If at all possible, use these.
-
If the proportion missing is very small (say
less than 5% but you can decide) consider leaving it alone. However,
are you sure whether this is right? One way to check is to run the
missing data analysis with each option (leaving it alone, replacement,
variable deletion, etc.) and see if there is a big difference in results.
-
Variables that are items in a multi-item scale: Most
of the above considerations for single-item measures also apply to
these, except that you have one extra option. With multi-item scales
we can sometimes smooth over the missing items when we aggregate.
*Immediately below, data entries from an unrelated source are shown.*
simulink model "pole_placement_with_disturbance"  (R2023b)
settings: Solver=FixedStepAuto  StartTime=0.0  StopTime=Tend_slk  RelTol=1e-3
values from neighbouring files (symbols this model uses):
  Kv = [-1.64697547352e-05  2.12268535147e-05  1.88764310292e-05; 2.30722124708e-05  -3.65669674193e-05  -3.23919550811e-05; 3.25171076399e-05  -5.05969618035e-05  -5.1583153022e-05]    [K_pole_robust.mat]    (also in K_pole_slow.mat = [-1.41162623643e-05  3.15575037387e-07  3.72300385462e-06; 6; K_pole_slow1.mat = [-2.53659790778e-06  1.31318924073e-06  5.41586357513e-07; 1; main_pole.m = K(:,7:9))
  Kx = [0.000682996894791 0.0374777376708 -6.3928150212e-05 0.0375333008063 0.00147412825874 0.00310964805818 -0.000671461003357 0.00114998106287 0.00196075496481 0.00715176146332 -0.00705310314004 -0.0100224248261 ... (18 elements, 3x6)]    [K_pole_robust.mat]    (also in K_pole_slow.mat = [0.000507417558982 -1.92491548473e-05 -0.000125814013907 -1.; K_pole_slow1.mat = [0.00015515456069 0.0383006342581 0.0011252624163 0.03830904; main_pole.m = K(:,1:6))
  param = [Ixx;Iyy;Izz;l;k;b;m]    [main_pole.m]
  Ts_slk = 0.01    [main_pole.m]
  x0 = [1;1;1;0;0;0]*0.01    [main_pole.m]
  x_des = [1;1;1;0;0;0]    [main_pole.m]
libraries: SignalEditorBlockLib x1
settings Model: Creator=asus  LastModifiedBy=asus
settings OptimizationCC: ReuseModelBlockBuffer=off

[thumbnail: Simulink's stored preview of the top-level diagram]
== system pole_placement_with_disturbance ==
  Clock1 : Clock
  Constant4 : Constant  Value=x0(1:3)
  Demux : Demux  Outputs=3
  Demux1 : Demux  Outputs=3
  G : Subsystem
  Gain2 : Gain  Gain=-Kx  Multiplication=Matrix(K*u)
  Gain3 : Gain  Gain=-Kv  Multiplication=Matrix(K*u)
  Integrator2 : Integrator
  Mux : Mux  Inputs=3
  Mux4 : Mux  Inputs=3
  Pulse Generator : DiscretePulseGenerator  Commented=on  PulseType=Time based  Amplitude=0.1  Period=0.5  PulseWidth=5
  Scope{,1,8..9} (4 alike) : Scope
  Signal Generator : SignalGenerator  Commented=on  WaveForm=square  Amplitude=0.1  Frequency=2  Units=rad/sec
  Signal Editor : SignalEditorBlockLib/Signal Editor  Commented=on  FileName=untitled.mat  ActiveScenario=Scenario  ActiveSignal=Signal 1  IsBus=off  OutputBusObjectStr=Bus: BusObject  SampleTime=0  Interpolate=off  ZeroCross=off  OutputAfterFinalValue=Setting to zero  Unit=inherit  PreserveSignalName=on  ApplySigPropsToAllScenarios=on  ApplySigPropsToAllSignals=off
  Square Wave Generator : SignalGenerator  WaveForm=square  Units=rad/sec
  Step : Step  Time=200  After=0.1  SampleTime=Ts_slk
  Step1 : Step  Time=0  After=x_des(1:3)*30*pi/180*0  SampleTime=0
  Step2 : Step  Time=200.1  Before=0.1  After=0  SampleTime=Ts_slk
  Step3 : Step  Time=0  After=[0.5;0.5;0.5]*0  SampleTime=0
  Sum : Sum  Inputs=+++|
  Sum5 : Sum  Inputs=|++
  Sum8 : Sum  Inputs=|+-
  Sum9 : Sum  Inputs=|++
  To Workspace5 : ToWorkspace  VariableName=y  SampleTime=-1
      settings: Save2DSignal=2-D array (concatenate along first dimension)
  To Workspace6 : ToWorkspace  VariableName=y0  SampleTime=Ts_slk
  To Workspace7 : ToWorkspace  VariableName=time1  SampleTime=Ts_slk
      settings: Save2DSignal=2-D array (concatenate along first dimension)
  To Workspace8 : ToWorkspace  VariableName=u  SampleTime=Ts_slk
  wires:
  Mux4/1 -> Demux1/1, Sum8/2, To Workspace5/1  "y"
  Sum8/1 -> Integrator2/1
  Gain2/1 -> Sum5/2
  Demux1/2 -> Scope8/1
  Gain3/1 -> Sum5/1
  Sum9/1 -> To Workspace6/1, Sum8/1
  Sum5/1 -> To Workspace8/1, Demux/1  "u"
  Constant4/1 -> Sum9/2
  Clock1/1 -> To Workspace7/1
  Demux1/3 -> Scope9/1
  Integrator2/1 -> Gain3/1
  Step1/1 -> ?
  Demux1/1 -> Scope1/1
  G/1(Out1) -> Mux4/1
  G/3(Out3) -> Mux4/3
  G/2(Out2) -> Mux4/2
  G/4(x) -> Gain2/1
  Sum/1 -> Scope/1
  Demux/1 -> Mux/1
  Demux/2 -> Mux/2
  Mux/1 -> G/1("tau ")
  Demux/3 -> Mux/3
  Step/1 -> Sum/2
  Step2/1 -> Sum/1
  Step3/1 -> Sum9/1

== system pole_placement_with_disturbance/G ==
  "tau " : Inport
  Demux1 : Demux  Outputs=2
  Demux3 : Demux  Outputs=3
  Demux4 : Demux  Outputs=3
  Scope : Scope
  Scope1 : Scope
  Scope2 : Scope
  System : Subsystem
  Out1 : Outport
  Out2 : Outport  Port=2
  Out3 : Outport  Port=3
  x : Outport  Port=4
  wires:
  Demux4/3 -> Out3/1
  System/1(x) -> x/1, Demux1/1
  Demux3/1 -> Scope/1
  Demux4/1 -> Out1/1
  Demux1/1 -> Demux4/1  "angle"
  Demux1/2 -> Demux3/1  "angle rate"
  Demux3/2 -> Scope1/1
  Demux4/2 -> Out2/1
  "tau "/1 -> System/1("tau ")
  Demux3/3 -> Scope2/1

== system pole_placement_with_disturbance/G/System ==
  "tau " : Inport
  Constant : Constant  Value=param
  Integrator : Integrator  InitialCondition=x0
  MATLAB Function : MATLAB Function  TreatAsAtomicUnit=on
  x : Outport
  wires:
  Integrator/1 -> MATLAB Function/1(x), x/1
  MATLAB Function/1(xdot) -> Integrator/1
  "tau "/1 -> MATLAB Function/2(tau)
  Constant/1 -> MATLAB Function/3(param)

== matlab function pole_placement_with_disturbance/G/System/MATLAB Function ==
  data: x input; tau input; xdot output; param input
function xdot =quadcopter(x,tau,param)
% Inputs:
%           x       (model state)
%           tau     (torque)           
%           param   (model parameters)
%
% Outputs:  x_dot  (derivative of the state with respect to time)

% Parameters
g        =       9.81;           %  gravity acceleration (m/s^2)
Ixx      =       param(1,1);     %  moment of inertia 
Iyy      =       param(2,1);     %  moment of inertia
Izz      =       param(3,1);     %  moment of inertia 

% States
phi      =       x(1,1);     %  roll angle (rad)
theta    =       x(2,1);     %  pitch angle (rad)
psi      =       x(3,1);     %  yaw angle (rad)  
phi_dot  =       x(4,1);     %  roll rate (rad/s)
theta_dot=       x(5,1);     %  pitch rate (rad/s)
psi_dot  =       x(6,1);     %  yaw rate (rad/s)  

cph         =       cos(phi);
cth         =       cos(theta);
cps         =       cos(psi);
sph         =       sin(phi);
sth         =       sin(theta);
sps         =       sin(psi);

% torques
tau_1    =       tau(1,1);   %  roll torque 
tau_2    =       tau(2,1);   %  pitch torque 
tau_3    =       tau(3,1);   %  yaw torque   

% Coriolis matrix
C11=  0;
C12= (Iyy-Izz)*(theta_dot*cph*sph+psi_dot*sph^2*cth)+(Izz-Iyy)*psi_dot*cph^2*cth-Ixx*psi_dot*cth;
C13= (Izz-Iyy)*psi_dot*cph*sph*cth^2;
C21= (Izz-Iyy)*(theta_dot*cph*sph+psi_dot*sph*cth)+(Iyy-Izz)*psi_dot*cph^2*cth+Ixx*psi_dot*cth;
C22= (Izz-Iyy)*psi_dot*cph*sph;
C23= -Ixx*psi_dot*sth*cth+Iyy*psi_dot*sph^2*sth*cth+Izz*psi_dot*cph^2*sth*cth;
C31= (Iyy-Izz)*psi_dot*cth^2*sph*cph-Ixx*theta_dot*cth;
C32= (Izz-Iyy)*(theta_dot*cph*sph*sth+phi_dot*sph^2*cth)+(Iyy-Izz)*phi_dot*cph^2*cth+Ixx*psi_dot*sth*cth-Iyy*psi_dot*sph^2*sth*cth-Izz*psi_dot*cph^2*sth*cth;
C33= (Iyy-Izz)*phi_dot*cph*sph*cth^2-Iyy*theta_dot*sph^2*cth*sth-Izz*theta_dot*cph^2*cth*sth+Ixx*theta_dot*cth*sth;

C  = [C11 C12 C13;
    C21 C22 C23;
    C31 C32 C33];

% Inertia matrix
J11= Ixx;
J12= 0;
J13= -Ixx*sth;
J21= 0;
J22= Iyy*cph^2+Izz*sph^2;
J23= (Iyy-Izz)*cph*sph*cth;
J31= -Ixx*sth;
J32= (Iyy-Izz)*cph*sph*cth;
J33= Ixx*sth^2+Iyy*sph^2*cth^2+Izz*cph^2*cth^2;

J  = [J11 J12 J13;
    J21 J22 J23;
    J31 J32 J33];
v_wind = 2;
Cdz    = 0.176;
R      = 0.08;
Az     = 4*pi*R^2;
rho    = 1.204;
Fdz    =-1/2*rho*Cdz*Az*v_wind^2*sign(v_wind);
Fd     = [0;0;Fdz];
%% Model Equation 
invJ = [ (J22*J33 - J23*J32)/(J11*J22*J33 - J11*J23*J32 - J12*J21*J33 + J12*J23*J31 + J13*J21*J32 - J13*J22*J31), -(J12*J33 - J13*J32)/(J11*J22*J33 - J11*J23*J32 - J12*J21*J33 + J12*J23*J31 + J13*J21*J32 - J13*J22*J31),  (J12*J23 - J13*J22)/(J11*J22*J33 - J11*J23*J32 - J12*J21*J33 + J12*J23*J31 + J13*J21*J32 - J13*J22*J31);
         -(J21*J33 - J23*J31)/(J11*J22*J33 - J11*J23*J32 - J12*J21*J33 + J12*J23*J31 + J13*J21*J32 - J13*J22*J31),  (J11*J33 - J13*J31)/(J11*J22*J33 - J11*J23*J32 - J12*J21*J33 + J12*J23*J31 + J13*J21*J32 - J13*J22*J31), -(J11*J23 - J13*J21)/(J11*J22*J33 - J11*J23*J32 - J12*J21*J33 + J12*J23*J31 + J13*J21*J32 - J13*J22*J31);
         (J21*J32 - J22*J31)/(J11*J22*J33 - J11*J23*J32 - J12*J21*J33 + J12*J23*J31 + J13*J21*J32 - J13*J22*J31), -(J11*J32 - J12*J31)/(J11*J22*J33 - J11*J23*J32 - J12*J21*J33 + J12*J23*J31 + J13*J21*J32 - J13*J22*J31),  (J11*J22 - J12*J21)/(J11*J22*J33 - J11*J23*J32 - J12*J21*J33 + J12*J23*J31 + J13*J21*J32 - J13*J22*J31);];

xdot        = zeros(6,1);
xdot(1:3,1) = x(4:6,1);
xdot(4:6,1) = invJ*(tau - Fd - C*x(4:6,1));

For instance, say that for a given observation you have ten survey
items for a scale and without missing data the answers are 2, 3, 3,
4, 2, 3, 2, 4, 1, 2. When we aggregate these items into a variable
score by averaging we get 2.60. Now, if the person is missing one
of the scores, the average of the other nine will range between 2.44
and 2.78 depending on which is missing. Is this an acceptable approximation?
The smaller the proportion of missing items the better; the choice
is yours as to whether you are happy to take this route.
Chapter 9 discusses
how to analyze and deal with missing data in SAS.